**Task to complete**
Look through the data for the string "moved". Copy every line where it is found.

**Supplied information**
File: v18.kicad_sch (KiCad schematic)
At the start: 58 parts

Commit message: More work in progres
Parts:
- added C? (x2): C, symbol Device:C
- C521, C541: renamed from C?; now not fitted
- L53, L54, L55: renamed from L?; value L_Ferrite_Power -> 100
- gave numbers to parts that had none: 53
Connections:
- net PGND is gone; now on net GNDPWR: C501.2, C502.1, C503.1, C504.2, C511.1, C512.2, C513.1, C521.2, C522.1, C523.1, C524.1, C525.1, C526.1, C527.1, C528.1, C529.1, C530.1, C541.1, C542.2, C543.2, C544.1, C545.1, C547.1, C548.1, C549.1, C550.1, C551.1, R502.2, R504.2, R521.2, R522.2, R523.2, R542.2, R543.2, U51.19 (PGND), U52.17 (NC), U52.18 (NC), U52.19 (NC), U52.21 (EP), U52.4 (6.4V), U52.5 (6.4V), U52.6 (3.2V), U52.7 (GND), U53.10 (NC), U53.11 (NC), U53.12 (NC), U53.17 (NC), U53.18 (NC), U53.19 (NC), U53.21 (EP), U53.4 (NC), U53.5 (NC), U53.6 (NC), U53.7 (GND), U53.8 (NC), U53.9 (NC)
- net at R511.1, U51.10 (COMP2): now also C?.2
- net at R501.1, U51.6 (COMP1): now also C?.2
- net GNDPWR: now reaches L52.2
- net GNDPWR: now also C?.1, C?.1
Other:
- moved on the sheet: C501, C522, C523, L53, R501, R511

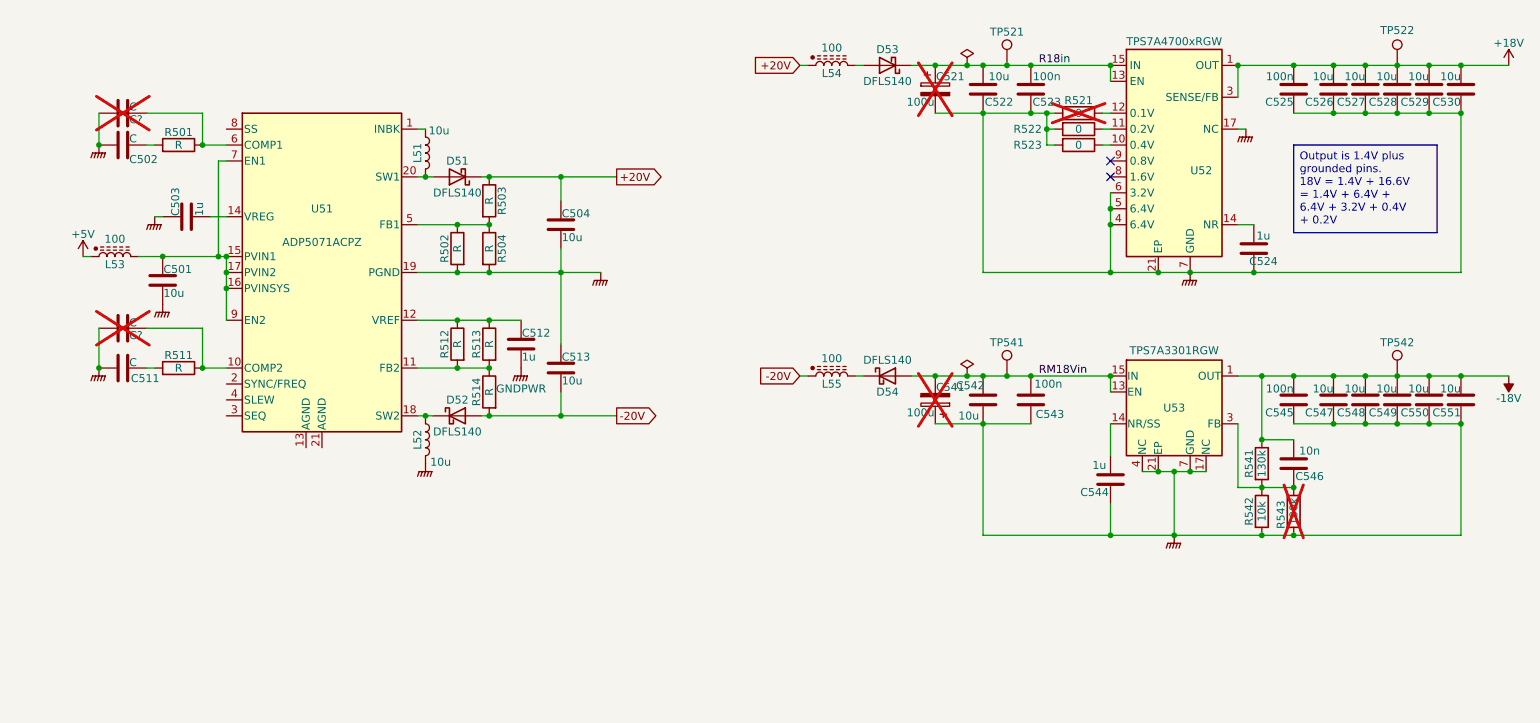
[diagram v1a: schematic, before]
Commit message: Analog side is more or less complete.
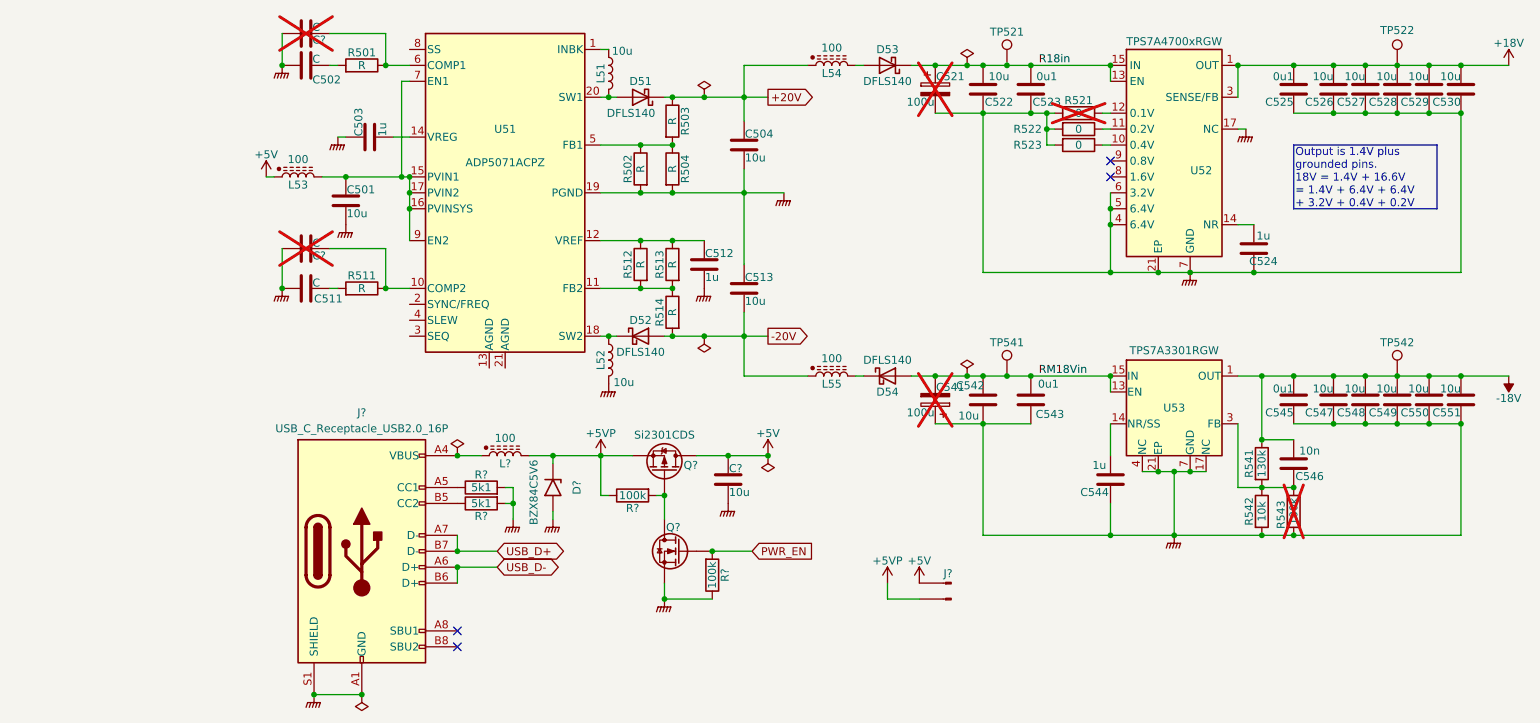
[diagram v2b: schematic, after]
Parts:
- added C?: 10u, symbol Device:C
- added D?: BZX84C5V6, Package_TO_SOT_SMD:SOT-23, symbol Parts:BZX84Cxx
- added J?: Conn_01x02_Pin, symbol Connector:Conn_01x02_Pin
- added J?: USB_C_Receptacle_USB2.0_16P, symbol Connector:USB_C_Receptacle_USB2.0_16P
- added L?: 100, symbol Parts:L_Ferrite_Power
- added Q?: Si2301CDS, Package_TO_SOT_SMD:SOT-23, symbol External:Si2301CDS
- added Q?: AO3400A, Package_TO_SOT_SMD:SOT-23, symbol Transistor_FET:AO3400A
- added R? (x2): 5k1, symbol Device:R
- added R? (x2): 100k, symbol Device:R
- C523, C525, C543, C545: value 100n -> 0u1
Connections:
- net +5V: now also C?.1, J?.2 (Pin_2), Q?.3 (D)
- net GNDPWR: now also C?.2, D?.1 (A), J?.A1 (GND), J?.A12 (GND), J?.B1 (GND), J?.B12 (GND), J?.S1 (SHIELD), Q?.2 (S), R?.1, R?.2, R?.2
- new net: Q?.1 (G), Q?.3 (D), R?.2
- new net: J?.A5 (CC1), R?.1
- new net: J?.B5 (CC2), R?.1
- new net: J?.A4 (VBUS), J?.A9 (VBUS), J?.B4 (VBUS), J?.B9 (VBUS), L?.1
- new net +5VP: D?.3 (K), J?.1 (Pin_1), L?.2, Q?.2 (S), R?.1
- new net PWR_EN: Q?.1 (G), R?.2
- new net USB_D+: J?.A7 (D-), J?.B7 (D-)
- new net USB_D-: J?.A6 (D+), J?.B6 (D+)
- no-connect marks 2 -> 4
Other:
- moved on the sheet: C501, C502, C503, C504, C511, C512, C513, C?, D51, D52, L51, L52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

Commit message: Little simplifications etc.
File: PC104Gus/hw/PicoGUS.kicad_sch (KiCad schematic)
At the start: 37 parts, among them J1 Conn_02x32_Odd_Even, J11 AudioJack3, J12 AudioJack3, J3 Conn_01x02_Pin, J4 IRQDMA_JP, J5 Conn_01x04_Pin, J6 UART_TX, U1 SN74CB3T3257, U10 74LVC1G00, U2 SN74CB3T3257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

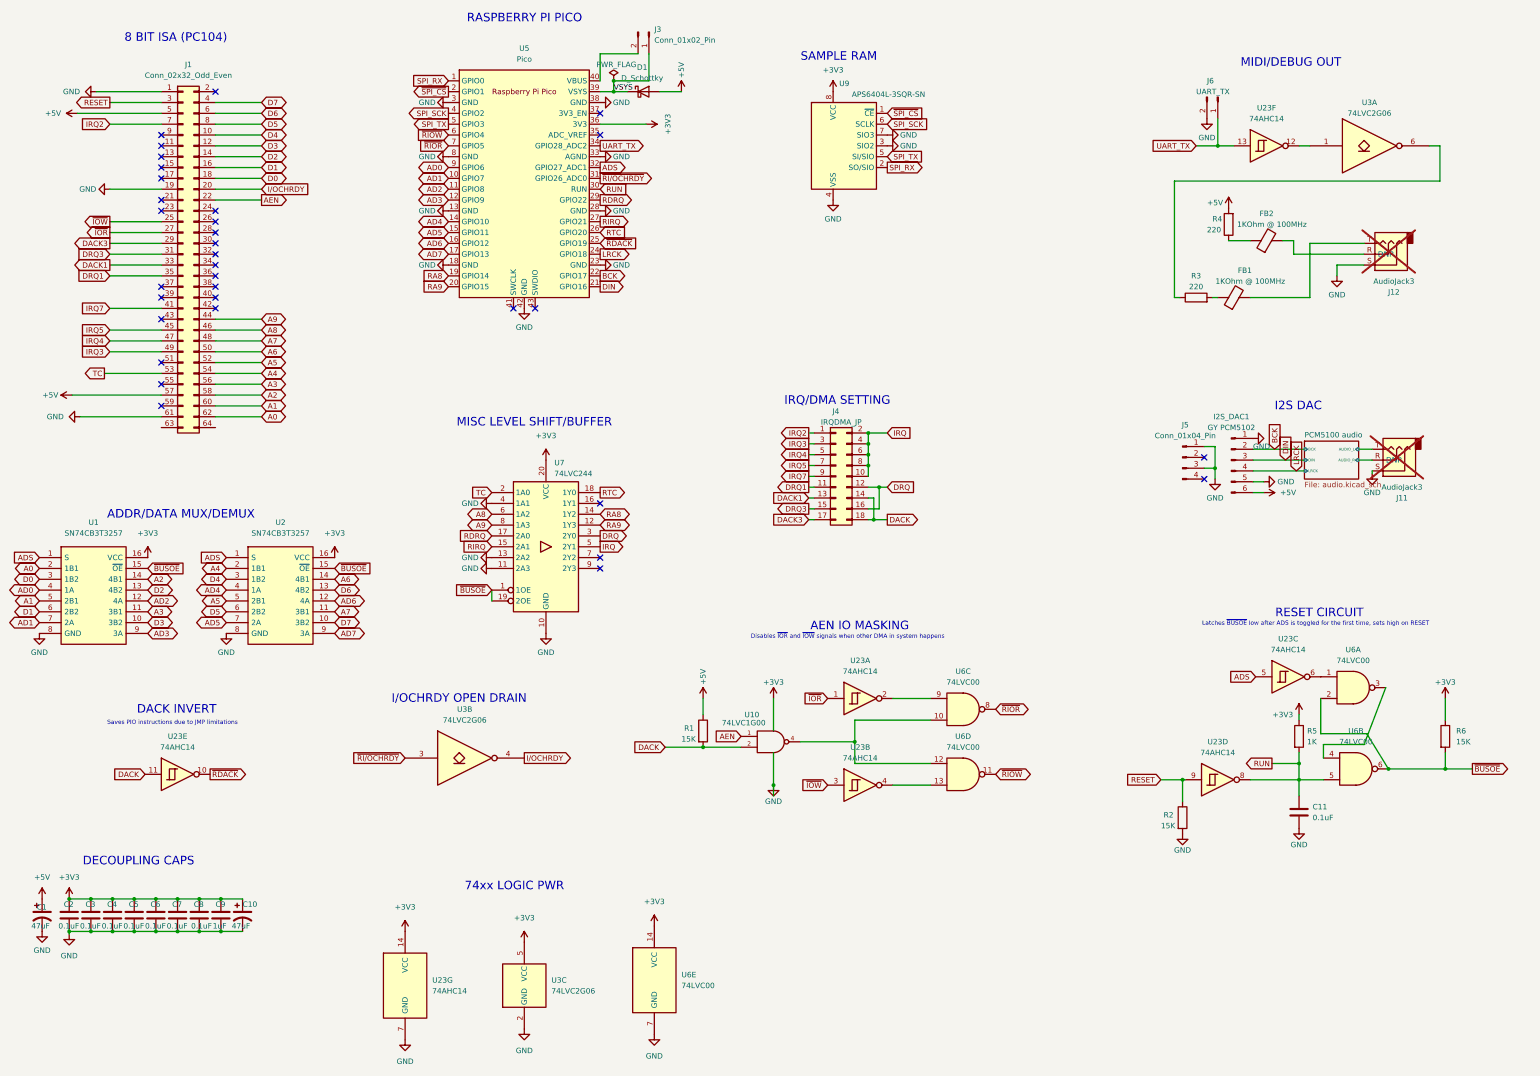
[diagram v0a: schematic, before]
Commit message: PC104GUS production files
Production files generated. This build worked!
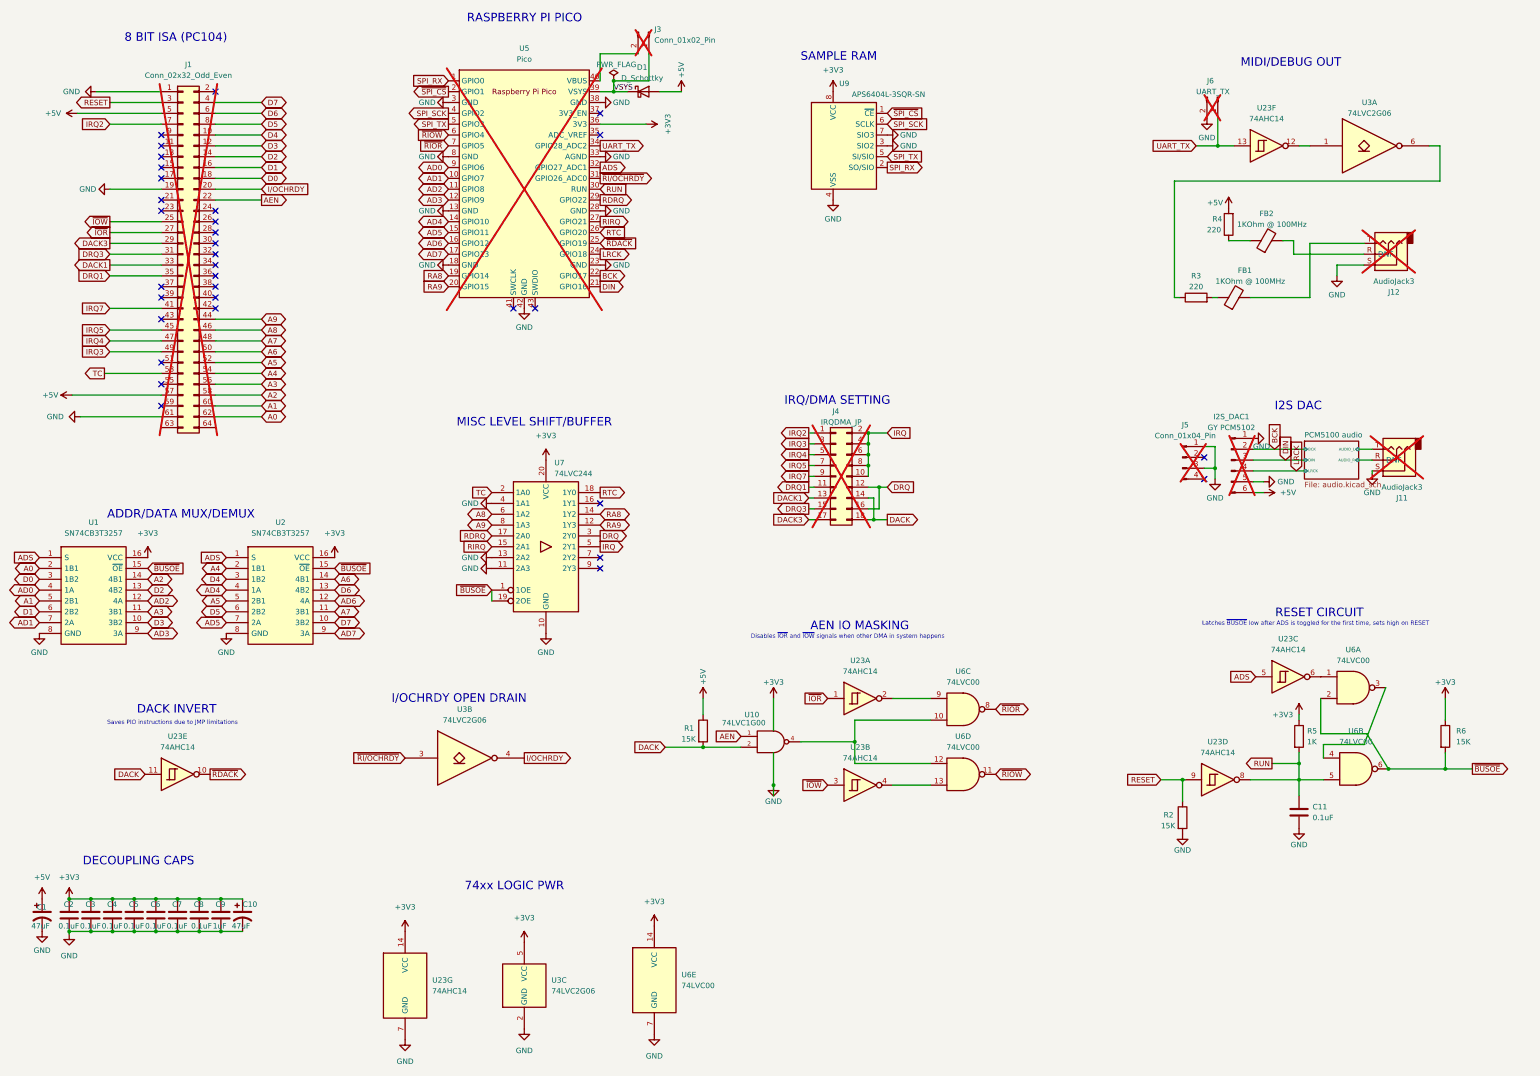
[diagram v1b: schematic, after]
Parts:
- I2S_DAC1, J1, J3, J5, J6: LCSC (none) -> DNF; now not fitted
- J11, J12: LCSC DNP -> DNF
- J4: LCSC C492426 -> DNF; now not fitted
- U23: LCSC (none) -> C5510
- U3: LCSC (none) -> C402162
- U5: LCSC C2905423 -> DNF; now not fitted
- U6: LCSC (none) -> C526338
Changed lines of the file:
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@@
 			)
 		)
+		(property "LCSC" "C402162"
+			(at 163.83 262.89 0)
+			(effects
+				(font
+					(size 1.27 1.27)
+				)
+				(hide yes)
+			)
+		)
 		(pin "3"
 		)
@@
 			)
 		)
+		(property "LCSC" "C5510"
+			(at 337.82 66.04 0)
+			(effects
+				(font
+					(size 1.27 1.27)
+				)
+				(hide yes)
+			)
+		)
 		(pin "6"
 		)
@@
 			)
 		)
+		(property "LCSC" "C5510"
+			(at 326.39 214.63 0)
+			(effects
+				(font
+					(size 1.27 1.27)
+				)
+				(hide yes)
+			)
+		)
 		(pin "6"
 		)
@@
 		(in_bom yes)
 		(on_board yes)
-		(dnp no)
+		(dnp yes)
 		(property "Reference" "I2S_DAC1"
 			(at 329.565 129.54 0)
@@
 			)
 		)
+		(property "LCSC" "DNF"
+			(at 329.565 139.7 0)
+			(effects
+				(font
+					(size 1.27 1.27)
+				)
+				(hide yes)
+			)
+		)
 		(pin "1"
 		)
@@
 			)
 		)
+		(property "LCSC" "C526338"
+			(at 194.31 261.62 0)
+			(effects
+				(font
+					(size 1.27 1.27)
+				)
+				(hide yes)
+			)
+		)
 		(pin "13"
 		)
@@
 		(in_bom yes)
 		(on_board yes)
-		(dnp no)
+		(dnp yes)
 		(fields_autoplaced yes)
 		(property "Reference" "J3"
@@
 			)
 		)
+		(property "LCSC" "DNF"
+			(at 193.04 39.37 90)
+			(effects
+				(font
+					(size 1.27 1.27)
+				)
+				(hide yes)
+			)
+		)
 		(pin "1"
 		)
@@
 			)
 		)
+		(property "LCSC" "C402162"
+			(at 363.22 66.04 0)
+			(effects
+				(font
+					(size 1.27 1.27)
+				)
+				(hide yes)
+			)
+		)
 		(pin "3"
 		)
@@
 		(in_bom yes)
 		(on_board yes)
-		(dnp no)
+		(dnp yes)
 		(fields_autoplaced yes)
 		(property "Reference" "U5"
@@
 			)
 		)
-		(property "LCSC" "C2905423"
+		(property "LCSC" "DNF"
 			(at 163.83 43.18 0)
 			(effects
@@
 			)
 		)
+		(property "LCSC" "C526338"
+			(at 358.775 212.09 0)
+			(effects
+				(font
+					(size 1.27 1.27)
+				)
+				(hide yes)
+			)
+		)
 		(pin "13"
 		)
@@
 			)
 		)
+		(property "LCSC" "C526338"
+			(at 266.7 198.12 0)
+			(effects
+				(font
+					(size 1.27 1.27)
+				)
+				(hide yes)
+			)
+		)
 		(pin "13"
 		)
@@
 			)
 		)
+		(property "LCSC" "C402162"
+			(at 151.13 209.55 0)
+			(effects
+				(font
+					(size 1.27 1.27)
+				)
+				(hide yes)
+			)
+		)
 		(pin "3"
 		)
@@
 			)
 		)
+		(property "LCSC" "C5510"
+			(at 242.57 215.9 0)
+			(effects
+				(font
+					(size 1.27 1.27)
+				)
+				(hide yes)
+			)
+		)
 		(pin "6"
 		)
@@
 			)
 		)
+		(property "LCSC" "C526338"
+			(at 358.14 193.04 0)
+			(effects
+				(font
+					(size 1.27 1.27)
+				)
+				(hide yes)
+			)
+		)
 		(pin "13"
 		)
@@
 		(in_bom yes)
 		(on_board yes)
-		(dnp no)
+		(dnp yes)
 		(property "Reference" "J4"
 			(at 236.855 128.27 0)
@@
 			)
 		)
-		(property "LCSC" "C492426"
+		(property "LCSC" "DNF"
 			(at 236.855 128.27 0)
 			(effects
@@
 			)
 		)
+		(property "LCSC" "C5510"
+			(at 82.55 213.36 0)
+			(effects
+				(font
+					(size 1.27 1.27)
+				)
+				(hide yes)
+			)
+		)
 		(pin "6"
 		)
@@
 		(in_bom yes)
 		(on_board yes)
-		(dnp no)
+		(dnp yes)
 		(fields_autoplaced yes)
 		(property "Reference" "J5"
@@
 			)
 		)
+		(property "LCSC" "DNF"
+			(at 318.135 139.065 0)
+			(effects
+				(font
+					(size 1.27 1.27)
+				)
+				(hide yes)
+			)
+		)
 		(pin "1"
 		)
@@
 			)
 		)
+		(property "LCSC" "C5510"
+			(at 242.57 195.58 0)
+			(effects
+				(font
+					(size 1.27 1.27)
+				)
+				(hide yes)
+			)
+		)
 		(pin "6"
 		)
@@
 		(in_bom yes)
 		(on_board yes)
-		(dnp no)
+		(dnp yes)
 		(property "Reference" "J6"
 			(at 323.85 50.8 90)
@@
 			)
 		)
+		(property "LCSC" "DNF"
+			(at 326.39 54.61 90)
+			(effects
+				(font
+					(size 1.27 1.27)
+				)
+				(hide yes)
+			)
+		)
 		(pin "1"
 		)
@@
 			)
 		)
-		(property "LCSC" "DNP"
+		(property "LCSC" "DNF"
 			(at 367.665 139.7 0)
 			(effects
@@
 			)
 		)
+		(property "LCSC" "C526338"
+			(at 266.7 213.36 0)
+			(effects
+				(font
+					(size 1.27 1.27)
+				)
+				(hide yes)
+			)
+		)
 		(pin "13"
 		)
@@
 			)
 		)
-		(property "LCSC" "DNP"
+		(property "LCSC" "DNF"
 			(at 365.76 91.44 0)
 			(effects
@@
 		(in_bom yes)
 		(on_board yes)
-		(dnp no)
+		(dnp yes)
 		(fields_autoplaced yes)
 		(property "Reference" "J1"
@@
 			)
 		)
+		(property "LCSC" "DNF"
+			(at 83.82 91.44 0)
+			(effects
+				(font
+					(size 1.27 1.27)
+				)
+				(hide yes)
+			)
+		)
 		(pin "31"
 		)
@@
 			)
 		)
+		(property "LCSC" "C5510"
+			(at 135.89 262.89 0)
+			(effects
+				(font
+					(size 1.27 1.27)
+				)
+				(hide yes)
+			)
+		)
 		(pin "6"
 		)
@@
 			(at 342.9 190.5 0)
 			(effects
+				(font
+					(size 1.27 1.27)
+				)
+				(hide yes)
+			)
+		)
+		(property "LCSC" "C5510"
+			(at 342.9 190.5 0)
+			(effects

**Problem solution**
- moved on the sheet: C501, C522, C523, L53, R501, R511
- moved on the sheet: C501, C502, C503, C504, C511, C512, C513, C?, D51, D52, L51, L52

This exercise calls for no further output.